Speaker Bio: Dennis Cai currently leads the Global Network Infrastructure Division at Alibaba Cloud. Previously he held positions as the Chief Network Architect and the Head of high-performance network team. Dennis has played a pivotal role in the design and deployment of Alibaba Cloud’s cutting-edge hyperscale data center network, as well as the specialized high-performance network framework for AI clusters. Before his tenure at Alibaba Cloud, Dennis enriched his vast experience as a Distinguished Engineer and the Lead Architect for network solutions in Cisco's Service Provider Business Unit.
Kun Tan
Director and Chief Expert of Distributed and Parallel Software Lab, 2012 Labs, Huawei
Talk Title:
Serverless AI on SuperPODs
Abstract: Modern large Al models demands tremendous computing power and highspeed interconnections, which may be provided with only purposely-built infrastructures or Al SuperPODs. However, managing such powerful computing infrastructure is a challenging task. Enterprise developers may face many difficult issues, such as long downtime as the infrastructure goes more complex, great efforts to parallelize their Al workloads, non-linear performance due to non-optimized resource scaling, and inefficient resource utilization. We argue that a developer-centric platform that contains a full software stack and provide a serverless abstraction is needed to ease the burden of enterprise developers for Al applications. In this talk, we introduce some of our early efforts on building a serverless Al platform on SuperPODs. We will discuss our design of a distributed serverless kernel and its programming interface for both general-purpose and high-performance computing. Then, I will talk several joint system optimizations enabled by our platform due to native integration of full-stack capabilities.

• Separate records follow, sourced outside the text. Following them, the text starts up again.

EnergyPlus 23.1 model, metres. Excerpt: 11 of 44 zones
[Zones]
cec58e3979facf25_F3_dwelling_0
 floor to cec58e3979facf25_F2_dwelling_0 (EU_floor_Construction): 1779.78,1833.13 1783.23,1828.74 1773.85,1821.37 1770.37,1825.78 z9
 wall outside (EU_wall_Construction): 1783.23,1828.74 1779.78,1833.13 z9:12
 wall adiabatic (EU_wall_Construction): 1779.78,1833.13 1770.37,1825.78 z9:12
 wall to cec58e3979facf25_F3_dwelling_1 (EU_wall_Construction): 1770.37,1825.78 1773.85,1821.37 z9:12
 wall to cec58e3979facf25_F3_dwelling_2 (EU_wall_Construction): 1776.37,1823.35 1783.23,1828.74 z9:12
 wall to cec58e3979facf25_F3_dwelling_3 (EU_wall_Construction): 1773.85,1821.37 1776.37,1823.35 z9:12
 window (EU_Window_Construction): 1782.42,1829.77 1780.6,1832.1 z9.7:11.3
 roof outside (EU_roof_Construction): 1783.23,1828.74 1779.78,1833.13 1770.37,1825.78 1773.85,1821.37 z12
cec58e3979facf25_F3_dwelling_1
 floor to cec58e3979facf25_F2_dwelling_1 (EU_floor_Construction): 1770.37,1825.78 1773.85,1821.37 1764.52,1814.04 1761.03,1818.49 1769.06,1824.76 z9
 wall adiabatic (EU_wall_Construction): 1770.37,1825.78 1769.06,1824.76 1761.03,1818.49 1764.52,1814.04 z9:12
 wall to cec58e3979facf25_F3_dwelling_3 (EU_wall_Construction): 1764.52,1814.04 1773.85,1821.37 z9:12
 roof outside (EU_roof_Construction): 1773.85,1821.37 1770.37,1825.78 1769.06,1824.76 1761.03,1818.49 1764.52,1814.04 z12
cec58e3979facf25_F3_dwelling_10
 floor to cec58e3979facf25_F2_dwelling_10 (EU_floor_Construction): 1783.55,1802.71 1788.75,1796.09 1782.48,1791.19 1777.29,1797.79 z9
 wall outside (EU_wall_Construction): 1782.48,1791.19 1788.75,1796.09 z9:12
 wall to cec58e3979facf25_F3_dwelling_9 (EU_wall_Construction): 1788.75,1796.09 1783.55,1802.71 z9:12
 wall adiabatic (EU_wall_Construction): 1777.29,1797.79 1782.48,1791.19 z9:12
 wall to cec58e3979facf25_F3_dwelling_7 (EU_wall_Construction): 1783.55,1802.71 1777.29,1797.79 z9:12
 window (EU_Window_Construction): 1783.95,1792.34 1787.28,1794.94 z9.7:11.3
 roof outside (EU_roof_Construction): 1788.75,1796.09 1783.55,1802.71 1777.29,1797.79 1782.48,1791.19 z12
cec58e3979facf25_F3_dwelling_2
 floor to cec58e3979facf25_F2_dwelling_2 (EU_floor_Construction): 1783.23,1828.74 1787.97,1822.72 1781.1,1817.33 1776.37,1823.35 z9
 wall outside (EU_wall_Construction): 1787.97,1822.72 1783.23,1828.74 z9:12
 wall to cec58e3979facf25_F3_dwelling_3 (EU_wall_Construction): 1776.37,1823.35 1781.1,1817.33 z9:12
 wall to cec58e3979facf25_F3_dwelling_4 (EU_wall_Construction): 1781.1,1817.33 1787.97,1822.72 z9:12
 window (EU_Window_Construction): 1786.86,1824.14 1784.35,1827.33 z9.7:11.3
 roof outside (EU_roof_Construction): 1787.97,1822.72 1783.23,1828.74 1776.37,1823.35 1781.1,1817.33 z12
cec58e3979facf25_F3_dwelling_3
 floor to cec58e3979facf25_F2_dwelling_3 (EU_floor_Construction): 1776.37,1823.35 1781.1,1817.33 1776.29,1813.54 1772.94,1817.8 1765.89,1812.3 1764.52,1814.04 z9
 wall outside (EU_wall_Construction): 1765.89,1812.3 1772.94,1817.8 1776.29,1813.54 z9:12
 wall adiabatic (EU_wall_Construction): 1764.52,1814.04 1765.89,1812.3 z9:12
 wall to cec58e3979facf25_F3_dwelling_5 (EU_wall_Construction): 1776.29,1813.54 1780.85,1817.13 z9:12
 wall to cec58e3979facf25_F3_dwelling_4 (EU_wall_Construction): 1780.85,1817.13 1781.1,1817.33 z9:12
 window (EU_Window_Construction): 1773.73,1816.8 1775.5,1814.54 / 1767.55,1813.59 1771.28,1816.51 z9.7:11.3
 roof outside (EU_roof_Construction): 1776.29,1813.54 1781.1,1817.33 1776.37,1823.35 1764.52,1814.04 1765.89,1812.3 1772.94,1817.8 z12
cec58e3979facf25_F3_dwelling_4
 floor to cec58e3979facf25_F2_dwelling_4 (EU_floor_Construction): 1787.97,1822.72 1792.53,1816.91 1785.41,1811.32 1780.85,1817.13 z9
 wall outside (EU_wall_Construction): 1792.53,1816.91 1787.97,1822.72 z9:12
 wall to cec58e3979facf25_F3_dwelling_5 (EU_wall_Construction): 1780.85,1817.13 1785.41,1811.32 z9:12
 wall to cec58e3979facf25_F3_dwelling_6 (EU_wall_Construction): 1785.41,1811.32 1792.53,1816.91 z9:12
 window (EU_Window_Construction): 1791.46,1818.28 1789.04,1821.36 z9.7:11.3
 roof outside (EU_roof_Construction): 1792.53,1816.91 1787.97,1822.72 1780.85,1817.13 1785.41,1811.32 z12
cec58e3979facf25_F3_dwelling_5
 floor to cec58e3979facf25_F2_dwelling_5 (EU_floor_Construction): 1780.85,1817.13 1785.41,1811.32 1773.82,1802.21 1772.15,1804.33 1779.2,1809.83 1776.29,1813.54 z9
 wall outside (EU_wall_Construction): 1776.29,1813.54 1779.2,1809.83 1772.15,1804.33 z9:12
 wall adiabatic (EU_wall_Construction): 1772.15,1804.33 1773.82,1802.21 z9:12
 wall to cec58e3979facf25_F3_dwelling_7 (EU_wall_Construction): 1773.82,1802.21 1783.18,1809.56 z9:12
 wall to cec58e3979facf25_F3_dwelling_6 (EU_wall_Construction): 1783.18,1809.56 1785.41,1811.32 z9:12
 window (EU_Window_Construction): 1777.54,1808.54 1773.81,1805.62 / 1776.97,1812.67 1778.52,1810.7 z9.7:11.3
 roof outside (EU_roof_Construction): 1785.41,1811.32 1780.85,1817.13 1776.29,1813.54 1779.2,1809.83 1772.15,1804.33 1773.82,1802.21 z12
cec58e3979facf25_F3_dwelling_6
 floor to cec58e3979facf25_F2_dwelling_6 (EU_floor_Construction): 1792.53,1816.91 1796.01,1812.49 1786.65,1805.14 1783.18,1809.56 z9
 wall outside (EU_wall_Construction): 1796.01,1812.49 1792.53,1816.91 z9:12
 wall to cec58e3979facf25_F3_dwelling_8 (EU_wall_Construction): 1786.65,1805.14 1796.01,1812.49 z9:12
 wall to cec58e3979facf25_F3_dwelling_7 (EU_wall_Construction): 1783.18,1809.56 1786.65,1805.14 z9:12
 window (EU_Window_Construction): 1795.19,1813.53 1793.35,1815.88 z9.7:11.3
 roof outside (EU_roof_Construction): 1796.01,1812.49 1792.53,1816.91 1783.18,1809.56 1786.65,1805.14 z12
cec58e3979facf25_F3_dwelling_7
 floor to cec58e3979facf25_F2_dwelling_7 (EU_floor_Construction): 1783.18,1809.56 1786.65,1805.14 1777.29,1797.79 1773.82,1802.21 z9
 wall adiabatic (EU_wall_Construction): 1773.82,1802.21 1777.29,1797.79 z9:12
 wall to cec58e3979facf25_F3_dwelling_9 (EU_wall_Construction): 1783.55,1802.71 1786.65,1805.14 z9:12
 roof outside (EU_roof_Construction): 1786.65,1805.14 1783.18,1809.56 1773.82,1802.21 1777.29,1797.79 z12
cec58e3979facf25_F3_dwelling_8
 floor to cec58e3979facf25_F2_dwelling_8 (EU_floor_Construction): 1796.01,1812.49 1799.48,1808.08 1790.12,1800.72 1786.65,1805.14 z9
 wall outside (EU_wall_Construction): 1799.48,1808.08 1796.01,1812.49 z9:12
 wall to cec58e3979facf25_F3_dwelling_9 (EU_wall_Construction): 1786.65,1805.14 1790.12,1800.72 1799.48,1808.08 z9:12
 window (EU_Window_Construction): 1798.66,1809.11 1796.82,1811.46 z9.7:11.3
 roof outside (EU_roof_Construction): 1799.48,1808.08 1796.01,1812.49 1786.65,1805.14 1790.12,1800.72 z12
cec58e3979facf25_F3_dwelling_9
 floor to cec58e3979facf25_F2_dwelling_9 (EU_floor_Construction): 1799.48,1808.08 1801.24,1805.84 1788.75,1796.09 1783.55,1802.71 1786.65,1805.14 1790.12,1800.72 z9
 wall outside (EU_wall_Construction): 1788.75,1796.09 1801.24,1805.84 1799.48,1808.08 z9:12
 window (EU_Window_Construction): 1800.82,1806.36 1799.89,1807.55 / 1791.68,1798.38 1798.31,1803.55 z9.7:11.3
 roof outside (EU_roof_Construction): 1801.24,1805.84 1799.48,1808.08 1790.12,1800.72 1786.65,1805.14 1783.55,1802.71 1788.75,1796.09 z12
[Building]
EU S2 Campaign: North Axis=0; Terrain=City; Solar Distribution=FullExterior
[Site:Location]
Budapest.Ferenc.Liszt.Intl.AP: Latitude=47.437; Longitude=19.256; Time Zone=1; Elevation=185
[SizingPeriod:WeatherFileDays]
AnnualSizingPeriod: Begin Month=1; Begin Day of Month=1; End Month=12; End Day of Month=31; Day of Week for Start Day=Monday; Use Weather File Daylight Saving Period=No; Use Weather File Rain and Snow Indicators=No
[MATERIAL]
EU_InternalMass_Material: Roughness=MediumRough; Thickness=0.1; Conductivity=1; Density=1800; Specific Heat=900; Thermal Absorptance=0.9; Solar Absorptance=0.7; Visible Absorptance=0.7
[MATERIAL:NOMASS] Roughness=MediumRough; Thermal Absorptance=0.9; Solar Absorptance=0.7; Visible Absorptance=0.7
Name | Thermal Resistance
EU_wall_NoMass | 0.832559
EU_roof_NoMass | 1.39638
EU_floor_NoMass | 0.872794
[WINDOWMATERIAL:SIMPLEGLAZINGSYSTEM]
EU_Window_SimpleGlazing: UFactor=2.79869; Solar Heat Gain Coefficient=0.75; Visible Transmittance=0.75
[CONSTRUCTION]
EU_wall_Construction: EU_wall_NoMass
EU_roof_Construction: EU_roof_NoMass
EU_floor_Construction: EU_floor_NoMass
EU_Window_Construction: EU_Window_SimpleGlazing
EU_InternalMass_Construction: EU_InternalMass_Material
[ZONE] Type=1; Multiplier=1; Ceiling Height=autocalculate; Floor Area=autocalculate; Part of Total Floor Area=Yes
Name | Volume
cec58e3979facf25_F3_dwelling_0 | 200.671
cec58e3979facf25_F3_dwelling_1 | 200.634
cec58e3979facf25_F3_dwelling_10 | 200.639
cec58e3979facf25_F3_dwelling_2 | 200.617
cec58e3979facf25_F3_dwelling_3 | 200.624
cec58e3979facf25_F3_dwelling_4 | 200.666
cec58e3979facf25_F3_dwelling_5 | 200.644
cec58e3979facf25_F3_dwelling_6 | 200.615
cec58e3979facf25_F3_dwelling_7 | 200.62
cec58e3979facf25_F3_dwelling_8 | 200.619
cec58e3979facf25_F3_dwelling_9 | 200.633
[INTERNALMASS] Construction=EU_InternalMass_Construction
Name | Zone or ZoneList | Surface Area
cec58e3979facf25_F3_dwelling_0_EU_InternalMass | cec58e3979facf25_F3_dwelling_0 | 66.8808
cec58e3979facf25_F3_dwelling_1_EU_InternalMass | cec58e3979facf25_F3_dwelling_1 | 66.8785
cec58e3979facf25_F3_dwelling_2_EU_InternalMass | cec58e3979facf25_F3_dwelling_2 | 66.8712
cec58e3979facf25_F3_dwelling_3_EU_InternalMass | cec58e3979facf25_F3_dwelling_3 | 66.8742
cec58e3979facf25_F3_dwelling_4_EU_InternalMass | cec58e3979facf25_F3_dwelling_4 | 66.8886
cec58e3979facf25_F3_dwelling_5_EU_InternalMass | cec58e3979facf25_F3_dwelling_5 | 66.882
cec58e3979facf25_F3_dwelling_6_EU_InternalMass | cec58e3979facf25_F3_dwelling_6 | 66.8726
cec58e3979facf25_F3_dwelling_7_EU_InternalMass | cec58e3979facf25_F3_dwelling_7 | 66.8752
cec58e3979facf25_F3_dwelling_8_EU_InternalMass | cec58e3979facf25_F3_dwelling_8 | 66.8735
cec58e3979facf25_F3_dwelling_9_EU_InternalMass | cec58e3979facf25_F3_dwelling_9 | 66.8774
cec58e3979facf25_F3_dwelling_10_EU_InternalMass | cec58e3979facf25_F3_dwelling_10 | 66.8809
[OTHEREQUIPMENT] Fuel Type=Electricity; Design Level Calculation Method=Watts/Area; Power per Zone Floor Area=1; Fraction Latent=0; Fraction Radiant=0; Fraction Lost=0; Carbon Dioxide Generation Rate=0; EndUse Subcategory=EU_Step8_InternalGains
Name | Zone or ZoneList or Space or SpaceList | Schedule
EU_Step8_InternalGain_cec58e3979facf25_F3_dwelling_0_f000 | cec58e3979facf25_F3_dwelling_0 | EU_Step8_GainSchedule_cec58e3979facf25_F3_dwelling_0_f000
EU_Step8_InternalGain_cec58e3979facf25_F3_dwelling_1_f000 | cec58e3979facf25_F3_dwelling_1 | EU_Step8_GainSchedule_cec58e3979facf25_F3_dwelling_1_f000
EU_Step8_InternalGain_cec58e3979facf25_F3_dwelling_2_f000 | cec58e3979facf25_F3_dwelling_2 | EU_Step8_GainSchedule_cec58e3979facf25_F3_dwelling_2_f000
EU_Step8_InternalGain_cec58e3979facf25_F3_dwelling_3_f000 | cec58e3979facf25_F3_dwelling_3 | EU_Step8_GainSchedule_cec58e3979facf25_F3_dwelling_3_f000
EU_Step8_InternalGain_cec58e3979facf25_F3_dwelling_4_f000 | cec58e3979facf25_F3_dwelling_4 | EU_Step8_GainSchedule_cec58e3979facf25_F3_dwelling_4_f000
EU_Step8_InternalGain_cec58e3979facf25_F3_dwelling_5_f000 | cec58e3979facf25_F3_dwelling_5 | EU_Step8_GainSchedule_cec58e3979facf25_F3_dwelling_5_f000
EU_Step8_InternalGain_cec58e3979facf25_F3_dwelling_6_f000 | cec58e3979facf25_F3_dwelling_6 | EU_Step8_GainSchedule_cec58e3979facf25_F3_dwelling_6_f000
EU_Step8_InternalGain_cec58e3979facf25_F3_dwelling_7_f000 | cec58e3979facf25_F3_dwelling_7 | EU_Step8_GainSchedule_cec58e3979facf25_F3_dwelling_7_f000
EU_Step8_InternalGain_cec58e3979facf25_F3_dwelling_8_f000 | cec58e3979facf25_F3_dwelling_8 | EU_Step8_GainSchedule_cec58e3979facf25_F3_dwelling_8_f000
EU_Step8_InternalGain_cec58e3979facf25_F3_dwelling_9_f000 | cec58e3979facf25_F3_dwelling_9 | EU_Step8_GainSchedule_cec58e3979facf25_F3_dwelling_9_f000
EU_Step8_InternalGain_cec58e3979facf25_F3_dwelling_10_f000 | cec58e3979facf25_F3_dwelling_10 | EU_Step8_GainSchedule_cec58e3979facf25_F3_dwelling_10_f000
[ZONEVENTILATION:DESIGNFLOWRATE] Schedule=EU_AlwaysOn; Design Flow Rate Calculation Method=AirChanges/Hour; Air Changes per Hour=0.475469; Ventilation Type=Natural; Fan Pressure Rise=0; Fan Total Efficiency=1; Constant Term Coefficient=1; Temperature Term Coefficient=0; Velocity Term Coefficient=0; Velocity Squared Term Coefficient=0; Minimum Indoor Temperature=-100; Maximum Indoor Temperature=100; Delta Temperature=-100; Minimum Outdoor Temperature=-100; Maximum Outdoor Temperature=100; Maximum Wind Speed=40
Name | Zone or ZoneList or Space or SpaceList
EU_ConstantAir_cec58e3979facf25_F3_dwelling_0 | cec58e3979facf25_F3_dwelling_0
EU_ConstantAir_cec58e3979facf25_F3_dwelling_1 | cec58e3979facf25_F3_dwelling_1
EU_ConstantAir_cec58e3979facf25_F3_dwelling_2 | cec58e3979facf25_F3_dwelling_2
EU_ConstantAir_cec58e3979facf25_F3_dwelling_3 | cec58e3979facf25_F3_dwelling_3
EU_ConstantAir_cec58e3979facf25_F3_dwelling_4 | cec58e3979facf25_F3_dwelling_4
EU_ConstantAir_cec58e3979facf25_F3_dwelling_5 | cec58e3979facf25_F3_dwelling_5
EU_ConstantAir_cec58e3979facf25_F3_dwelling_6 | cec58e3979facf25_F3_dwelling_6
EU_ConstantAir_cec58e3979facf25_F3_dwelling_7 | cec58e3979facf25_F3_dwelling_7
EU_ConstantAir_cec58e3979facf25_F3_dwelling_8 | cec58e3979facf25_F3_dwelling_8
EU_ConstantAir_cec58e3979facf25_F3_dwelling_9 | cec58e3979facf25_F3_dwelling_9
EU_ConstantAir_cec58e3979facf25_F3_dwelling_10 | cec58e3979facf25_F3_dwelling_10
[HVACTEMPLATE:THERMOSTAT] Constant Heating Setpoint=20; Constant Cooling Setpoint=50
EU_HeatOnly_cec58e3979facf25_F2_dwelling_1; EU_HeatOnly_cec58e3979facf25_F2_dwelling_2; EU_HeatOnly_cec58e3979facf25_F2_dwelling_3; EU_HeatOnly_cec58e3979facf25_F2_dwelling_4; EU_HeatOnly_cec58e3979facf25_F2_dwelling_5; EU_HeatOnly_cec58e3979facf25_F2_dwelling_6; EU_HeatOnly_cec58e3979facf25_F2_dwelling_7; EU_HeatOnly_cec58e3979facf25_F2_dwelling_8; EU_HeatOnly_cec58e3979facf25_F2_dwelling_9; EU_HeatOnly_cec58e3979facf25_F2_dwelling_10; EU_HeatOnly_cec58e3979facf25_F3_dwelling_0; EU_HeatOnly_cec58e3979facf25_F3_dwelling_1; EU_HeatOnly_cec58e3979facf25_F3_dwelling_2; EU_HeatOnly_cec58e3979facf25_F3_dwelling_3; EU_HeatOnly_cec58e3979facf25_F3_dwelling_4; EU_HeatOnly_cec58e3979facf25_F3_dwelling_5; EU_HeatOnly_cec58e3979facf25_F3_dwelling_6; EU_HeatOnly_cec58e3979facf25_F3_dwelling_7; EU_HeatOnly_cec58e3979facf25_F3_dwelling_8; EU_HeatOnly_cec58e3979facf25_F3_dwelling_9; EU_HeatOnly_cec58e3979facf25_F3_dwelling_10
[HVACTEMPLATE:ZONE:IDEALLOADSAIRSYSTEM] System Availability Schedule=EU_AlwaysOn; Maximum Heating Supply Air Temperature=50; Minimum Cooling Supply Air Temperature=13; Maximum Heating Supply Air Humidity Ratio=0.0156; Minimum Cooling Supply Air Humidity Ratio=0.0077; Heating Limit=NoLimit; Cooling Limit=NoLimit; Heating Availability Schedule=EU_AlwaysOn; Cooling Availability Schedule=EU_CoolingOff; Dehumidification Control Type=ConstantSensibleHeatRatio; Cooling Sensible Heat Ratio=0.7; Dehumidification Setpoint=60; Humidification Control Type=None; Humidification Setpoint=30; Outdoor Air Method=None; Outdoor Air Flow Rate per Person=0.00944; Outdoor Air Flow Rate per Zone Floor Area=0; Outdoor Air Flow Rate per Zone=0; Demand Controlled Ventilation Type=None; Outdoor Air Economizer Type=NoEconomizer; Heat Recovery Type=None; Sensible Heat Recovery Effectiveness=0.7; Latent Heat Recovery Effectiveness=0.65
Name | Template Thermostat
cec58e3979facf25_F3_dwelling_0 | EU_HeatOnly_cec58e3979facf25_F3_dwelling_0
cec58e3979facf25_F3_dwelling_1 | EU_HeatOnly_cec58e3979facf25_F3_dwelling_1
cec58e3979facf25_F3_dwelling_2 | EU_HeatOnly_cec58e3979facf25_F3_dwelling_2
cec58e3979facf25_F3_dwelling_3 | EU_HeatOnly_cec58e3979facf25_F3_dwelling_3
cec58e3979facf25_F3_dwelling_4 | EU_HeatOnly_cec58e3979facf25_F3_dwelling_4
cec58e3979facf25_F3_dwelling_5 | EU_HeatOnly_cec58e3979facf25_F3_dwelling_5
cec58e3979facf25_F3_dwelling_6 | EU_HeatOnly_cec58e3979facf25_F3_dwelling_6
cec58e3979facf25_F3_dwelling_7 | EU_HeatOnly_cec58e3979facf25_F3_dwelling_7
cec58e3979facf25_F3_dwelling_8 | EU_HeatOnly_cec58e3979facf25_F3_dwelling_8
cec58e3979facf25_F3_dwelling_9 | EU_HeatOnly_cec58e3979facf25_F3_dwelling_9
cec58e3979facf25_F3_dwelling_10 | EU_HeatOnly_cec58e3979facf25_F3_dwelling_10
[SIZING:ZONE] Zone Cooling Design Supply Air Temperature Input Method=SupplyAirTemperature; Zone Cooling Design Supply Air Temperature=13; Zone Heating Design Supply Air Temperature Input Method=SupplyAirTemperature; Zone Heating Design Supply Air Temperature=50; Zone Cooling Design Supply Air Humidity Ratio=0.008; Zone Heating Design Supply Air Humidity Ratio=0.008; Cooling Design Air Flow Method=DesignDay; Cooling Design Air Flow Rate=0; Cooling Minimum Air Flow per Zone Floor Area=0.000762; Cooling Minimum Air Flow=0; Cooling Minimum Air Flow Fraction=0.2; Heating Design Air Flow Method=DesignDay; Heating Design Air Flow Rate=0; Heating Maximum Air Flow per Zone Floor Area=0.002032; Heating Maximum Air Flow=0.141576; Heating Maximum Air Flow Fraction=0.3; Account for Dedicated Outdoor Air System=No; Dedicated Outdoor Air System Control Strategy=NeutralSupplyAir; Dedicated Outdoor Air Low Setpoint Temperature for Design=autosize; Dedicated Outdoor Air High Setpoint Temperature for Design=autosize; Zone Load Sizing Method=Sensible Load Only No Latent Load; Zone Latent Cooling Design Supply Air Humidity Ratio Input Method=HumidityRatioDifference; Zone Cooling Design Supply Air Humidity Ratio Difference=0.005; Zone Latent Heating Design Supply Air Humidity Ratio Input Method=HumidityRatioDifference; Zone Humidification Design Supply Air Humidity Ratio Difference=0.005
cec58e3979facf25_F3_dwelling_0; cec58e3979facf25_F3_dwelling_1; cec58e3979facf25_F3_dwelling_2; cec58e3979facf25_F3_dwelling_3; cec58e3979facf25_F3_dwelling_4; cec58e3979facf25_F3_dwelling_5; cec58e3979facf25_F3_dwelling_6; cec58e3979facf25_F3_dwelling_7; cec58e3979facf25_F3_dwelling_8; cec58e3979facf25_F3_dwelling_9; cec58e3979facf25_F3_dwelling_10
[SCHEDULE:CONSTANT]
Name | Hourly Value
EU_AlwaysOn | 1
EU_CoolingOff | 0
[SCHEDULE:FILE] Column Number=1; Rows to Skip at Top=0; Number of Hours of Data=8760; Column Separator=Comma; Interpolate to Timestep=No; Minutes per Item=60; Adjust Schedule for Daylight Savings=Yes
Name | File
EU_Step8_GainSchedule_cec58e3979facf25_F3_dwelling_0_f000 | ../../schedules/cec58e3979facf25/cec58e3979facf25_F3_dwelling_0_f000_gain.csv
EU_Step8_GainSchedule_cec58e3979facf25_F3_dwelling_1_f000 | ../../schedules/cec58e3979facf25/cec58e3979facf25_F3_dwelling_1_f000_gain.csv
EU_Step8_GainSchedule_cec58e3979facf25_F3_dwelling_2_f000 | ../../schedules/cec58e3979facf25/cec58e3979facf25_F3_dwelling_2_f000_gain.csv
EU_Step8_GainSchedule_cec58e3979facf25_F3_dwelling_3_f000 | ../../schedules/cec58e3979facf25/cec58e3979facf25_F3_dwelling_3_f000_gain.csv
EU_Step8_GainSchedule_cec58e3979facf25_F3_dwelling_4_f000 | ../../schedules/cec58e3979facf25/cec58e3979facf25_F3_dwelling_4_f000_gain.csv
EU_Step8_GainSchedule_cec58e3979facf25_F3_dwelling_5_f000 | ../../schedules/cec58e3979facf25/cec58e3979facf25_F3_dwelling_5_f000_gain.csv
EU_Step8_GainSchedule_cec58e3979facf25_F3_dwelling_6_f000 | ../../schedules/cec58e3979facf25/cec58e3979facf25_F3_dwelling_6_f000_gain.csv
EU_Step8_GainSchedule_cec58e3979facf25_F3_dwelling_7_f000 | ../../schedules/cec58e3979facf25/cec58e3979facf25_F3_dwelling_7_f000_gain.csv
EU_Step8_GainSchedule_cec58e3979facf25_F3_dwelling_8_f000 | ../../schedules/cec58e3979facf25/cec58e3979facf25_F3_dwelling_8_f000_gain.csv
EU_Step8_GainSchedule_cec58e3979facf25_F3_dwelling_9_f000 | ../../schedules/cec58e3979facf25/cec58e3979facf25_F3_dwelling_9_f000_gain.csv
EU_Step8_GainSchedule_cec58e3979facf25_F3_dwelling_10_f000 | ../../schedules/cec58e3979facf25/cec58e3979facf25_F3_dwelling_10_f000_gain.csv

Speaker Bio: Dr. Kun Tan is Director and Chief Expert of Distributed and Parallel Software Lab, 2012 Labs, Huawei. His team develops cutting-edge Al framework, cloud native, big data analytics, and cloud networking technologies for many Huawei products. He is Huawei Scientist. Before joined Huawei, he was Research Manager and Senior Researcher of Wireless and Networking Group, Microsoft Research Asia. He won USENIX Test-of-Time Award in 2019 and USENIX NSDI Best Paper Award in 2009.
James Hongyi Zeng
Senior Engineering Manager, AI Networking Software team at Meta
Talk Title:
AI Networking at Meta
Abstract: Meta operates one of the largest data center networks specifically designed for distributed training. This talk walks through the evolution of design, implementation, and operation of such AI networking against a constantly changing and increasing diverse distributed training workload. We also discuss challenges that we have encountered along the way.
Speaker Bio: James Hongyi Zeng joined Meta networking group in 2014. Currently he leads the AI Networking Software team at Meta, focusing on building RDMA-based GPU-GPU communication fabric and host software. James received his PhD degree on computer networking from Stanford University.